EXERCISE: Going through the data below, copy out each line where the word "Desired" shows up.

-------- EXTRACTED RECORDS

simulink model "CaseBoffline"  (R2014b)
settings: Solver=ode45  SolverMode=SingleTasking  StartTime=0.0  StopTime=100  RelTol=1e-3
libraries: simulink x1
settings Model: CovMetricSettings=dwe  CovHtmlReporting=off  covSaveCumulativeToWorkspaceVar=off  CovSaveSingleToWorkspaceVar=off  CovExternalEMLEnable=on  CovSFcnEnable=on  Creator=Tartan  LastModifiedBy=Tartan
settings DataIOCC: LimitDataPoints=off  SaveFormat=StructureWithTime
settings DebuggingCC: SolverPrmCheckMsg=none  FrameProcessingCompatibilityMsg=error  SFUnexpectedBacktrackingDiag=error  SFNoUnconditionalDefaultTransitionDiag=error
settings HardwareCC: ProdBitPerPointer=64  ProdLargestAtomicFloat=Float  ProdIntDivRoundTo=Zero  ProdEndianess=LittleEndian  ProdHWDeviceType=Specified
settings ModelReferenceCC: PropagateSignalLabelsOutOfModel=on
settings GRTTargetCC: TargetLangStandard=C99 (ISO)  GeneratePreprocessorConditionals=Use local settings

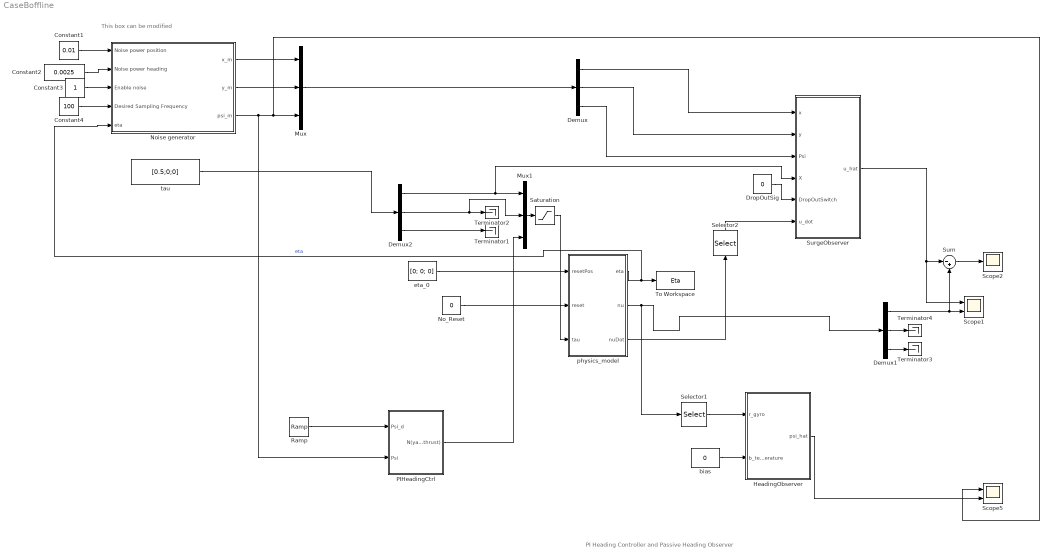
== system CaseBoffline ==
  note: PI Heading Controller and Passive Heading Observer
  note: This box can be modified
  Constant1 : Constant  Value=0.01
  Constant2 : Constant  Value=0.0025
  Constant3 : Constant
  Constant4 : Constant  Value=100
  Demux : Demux  Outputs=3
  Demux1 : Demux  Outputs=3
  Demux2 : Demux  Outputs=3
  DropOutSig : Constant  Value=0
  HeadingObserver : Subsystem
  Mux : Mux  Inputs=3
  Mux1 : Mux  Inputs=3
  No_Reset : Constant  Value=0
  Noise generator : Subsystem
  PIHeadingCtrl : Subsystem
  Ramp : simulink/Sources/Ramp  slope=0  start=0  X0=0.2
  Saturation : Saturate  UpperLimit=[1.03;2.5;0.98]  LowerLimit=-[1.03;2.5;0.98]
  Scope1 : Scope  NumInputPorts=2
      settings: TimeRange=auto  ShowLegends=on  MaxDataPoints=5000  SaveToWorkspace=off  YMin=-9.38388~-0.05285  YMax=6.31386~0.47565  SampleTime=-1
  Scope2 : Scope
      settings: TimeRange=auto  MaxDataPoints=5000  SaveToWorkspace=off  SaveName=ScopeData2  YMin=-0.12775  YMax=0.63196  SampleTime=-1
  Scope5 : Scope  NumInputPorts=2
      settings: TimeRange=auto  ShowLegends=on  MaxDataPoints=5000  SaveToWorkspace=off  YMin=-1.67893~-5  YMax=2.5547~5  SampleTime=-1
  Selector1 : Selector  InputPortWidth=3  IndexOptions=Index vector (dialog)  Indices=[3]  OutputSizes=1
  Selector2 : Selector  InputPortWidth=3  IndexOptions=Index vector (dialog)  Indices=[1]  OutputSizes=1
  Sum : Sum  Inputs=|-+
  SurgeObserver : Subsystem
  Terminator{1..4} (4 alike) : Terminator
  To Workspace : ToWorkspace  VariableName=Eta  SampleTime=-1
  bias : Constant  Value=0
  eta_0 : Constant  Value=[0; 0; 0]
  physics_model : Subsystem
  tau : Constant  Value=[0.5;0;0]
  wires:
  Demux/1 -> SurgeObserver/1(x)
  Demux/2 -> SurgeObserver/2("y ")
  Demux/3 -> SurgeObserver/3(Psi)
  SurgeObserver/1(u_hat) -> Sum/1, Scope1/1
  eta_0/1 -> physics_model/1(resetPos)
  tau/1 -> Demux2/1
  physics_model/3(nuDot) -> Selector2/1
  Demux2/3 -> Terminator1/1
  Demux2/2 -> Mux1/2, Terminator2/1
  physics_model/2(nu) -> Selector1/1, Demux1/1
  Demux1/3 -> Terminator3/1
  Demux1/2 -> Terminator4/1
  Demux1/1 -> Sum/2, Scope1/2
  Sum/1 -> Scope2/1
  Constant2/1 -> Noise generator/2(Noise power heading)
  Constant1/1 -> Noise generator/1(Noise power position)
  Constant3/1 -> Noise generator/3(Enable noise)
  Constant4/1 -> Noise generator/4(Desired Sampling Frequency)
  Noise generator/1(x_m) -> Mux/1
  Noise generator/2(y_m) -> Mux/2
  Noise generator/3(psi_m) -> PIHeadingCtrl/2(Psi), Scope5/1, Mux/3
  physics_model/1(eta) -> To Workspace/1, Noise generator/5(eta)  "eta"
  Mux/1 -> Demux/1
  HeadingObserver/1(psi_hat) -> Scope5/2
  Selector1/1 -> HeadingObserver/1(r_gyro)
  bias/1 -> HeadingObserver/2(b_temperature)
  Demux2/1 -> SurgeObserver/4(X), Mux1/1
  Mux1/1 -> Saturation/1
  Saturation/1 -> physics_model/3(tau)
  DropOutSig/1 -> SurgeObserver/5(DropOutSwitch)
  Selector2/1 -> SurgeObserver/6(u_dot)
  Ramp/1 -> PIHeadingCtrl/1(Psi_d)
  PIHeadingCtrl/1(N(yaw_thrust)) -> Mux1/3
  No_Reset/1 -> physics_model/2(reset)

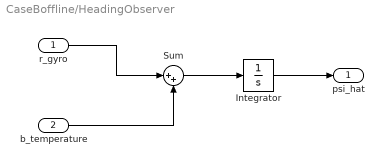
== system CaseBoffline/HeadingObserver ==
  r_gyro : Inport
  b_temperature : Inport  Port=2
  Integrator : Integrator
  Sum : Sum  Inputs=|++
  psi_hat : Outport
  wires:
  Integrator/1 -> psi_hat/1
  r_gyro/1 -> Sum/1
  b_temperature/1 -> Sum/2
  Sum/1 -> Integrator/1

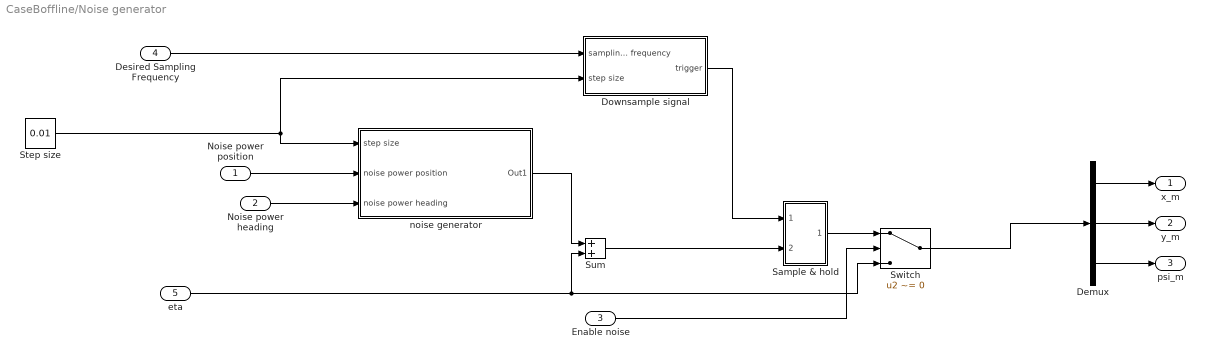
== system CaseBoffline/Noise generator ==
  Noise power position : Inport
  Noise power heading : Inport  Port=2
  Enable noise : Inport  Port=3
  Desired Sampling Frequency : Inport  Port=4
  eta : Inport  Port=5
  Demux : Demux  Outputs=3
  Downsample	signal : Subsystem
  Sample & hold : Subsystem
  Step size : Constant  Value=0.01
  Sum : Sum
  Switch : Switch  Criteria=u2 ~= 0
  noise generator : Subsystem
  x_m : Outport
  y_m : Outport  Port=2
  psi_m : Outport  Port=3
  wires:
  Step size/1 -> Downsample	signal/2(step size), noise generator/1(step size)
  Downsample	signal/1(trigger) -> Sample & hold/1(trigger)
  Desired Sampling Frequency/1 -> Downsample	signal/1(sampling frequency)
  eta/1 -> Sum/2, Switch/3
  Sum/1 -> Sample & hold/2(input)
  Sample & hold/1(output) -> Switch/1
  Noise power position/1 -> noise generator/2(noise power position)
  Noise power heading/1 -> noise generator/3(noise power heading)
  noise generator/1(Out1) -> Sum/1
  Enable noise/1 -> Switch/2
  Switch/1 -> Demux/1
  Demux/3 -> psi_m/1
  Demux/2 -> y_m/1
  Demux/1 -> x_m/1

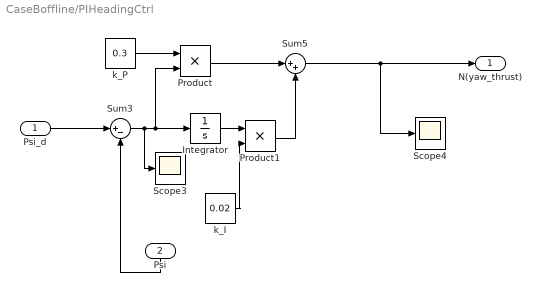
== system CaseBoffline/PIHeadingCtrl ==
  Psi_d : Inport
  Psi : Inport  Port=2
  Integrator : Integrator
  Product : Product
  Product1 : Product
  Scope3 : Scope
      settings: TimeRange=auto  MaxDataPoints=5000  SaveToWorkspace=off  YMin=-2.3547  YMax=1.87893  SampleTime=-1
  Scope4 : Scope
      settings: TimeRange=auto  MaxDataPoints=5000  SaveToWorkspace=off  SaveName=ScopeData2  YMin=-0.68429  YMax=0.51646  SampleTime=-1
  Sum3 : Sum  Inputs=|+-
  Sum5 : Sum  Inputs=|++
  k_I : Constant  Value=0.02
  k_P : Constant  Value=0.3
  N(yaw_thrust) : Outport
  wires:
  Psi/1 -> Sum3/2
  k_P/1 -> Product/1
  Sum3/1 -> Scope3/1, Integrator/1, Product/2
  Product/1 -> Sum5/1
  k_I/1 -> Product1/2
  Product1/1 -> Sum5/2
  Integrator/1 -> Product1/1
  Sum5/1 -> N(yaw_thrust)/1, Scope4/1
  Psi_d/1 -> Sum3/1

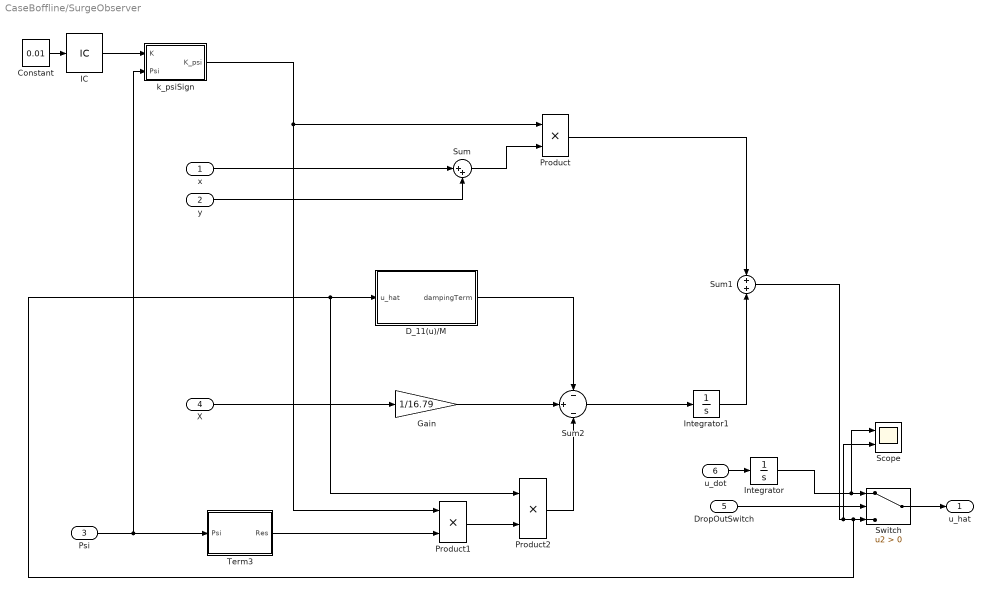
== system CaseBoffline/SurgeObserver ==
  x : Inport
  "y " : Inport  Port=2
  Psi : Inport  Port=3
  X : Inport  Port=4
  DropOutSwitch : Inport  Port=5
  u_dot : Inport  Port=6
  Constant : Constant  Value=0.01
  D_11(u)/M : MATLAB Function  TreatAsAtomicUnit=on
      settings: PermitHierarchicalResolution=ParametersOnly
  Gain : Gain  Gain=1/16.79
  IC : InitialCondition  Value=0.001
  Integrator : Integrator
  Integrator1 : Integrator
  Product : Product
  Product1 : Product
  Product2 : Product
  Scope : Scope  NumInputPorts=2
      settings: TimeRange=auto  ShowLegends=on  MaxDataPoints=5000  SaveToWorkspace=off  SaveName=ScopeData2  YMin=-0.05285~-5  YMax=0.47565~5  SampleTime=-1
  Sum : Sum  Inputs=|++
  Sum1 : Sum  Inputs=+|+
  Sum2 : Sum  Inputs=-|+|-
  Switch : Switch  Criteria=u2 > Threshold
  Term3 : MATLAB Function  TreatAsAtomicUnit=on
      settings: PermitHierarchicalResolution=ParametersOnly
  k_psiSign : MATLAB Function  TreatAsAtomicUnit=on
      settings: PermitHierarchicalResolution=ParametersOnly
  u_hat : Outport
  wires:
  x/1 -> Sum/1
  Sum/1 -> Product/2
  k_psiSign/1(K_psi) -> Product1/1, Product/1
  Product/1 -> Sum1/1
  Sum2/1 -> Integrator1/1
  Integrator1/1 -> Sum1/2
  "y "/1 -> Sum/2
  Sum1/1 -> Scope/2, Product2/1, D_11(u)/M/1(u_hat), Switch/3
  X/1 -> Gain/1
  Gain/1 -> Sum2/2
  Term3/1(Res) -> Product1/2
  Product1/1 -> Product2/2
  D_11(u)/M/1(dampingTerm) -> Sum2/1
  Product2/1 -> Sum2/3
  DropOutSwitch/1 -> Switch/2
  Switch/1 -> u_hat/1
  u_dot/1 -> Integrator/1
  Integrator/1 -> Scope/1, Switch/1
  Psi/1 -> Term3/1(Psi), k_psiSign/2(Psi)
  IC/1 -> k_psiSign/1(K)
  Constant/1 -> IC/1

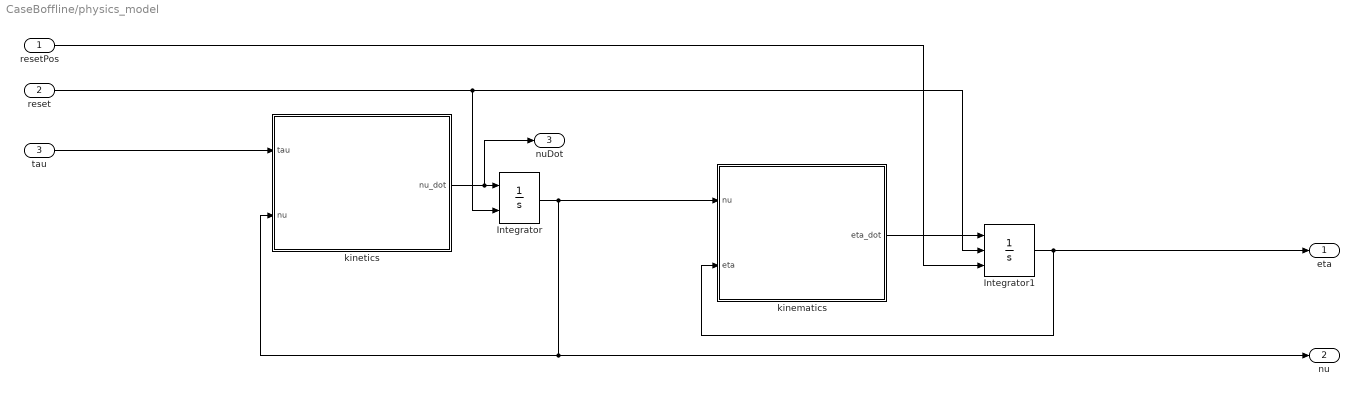
== system CaseBoffline/physics_model ==
  resetPos : Inport
  reset : Inport  Port=2
  tau : Inport  Port=3
  Integrator : Integrator  ExternalReset=rising  InitialCondition=[0 0 0]'
  Integrator1 : Integrator  ExternalReset=rising  InitialConditionSource=external  InitialCondition=[0 0 0]'
  kinematics : MATLAB Function  TreatAsAtomicUnit=on
      settings: PermitHierarchicalResolution=ParametersOnly
  kinetics : MATLAB Function  TreatAsAtomicUnit=on
      settings: PermitHierarchicalResolution=ParametersOnly
  eta : Outport
  nu : Outport  Port=2
  nuDot : Outport  Port=3
  wires:
  kinetics/1(nu_dot) -> nuDot/1, Integrator/1
  Integrator/1 -> nu/1, kinetics/2(nu), kinematics/1(nu)
  kinematics/1(eta_dot) -> Integrator1/1
  Integrator1/1 -> eta/1, kinematics/2(eta)
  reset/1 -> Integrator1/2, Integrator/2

----------------

RESPONSE TO THIS TASK:
  Constant4/1 -> Noise generator/4(Desired Sampling Frequency)
  Desired Sampling Frequency : Inport  Port=4
  Desired Sampling Frequency/1 -> Downsample	signal/1(sampling frequency)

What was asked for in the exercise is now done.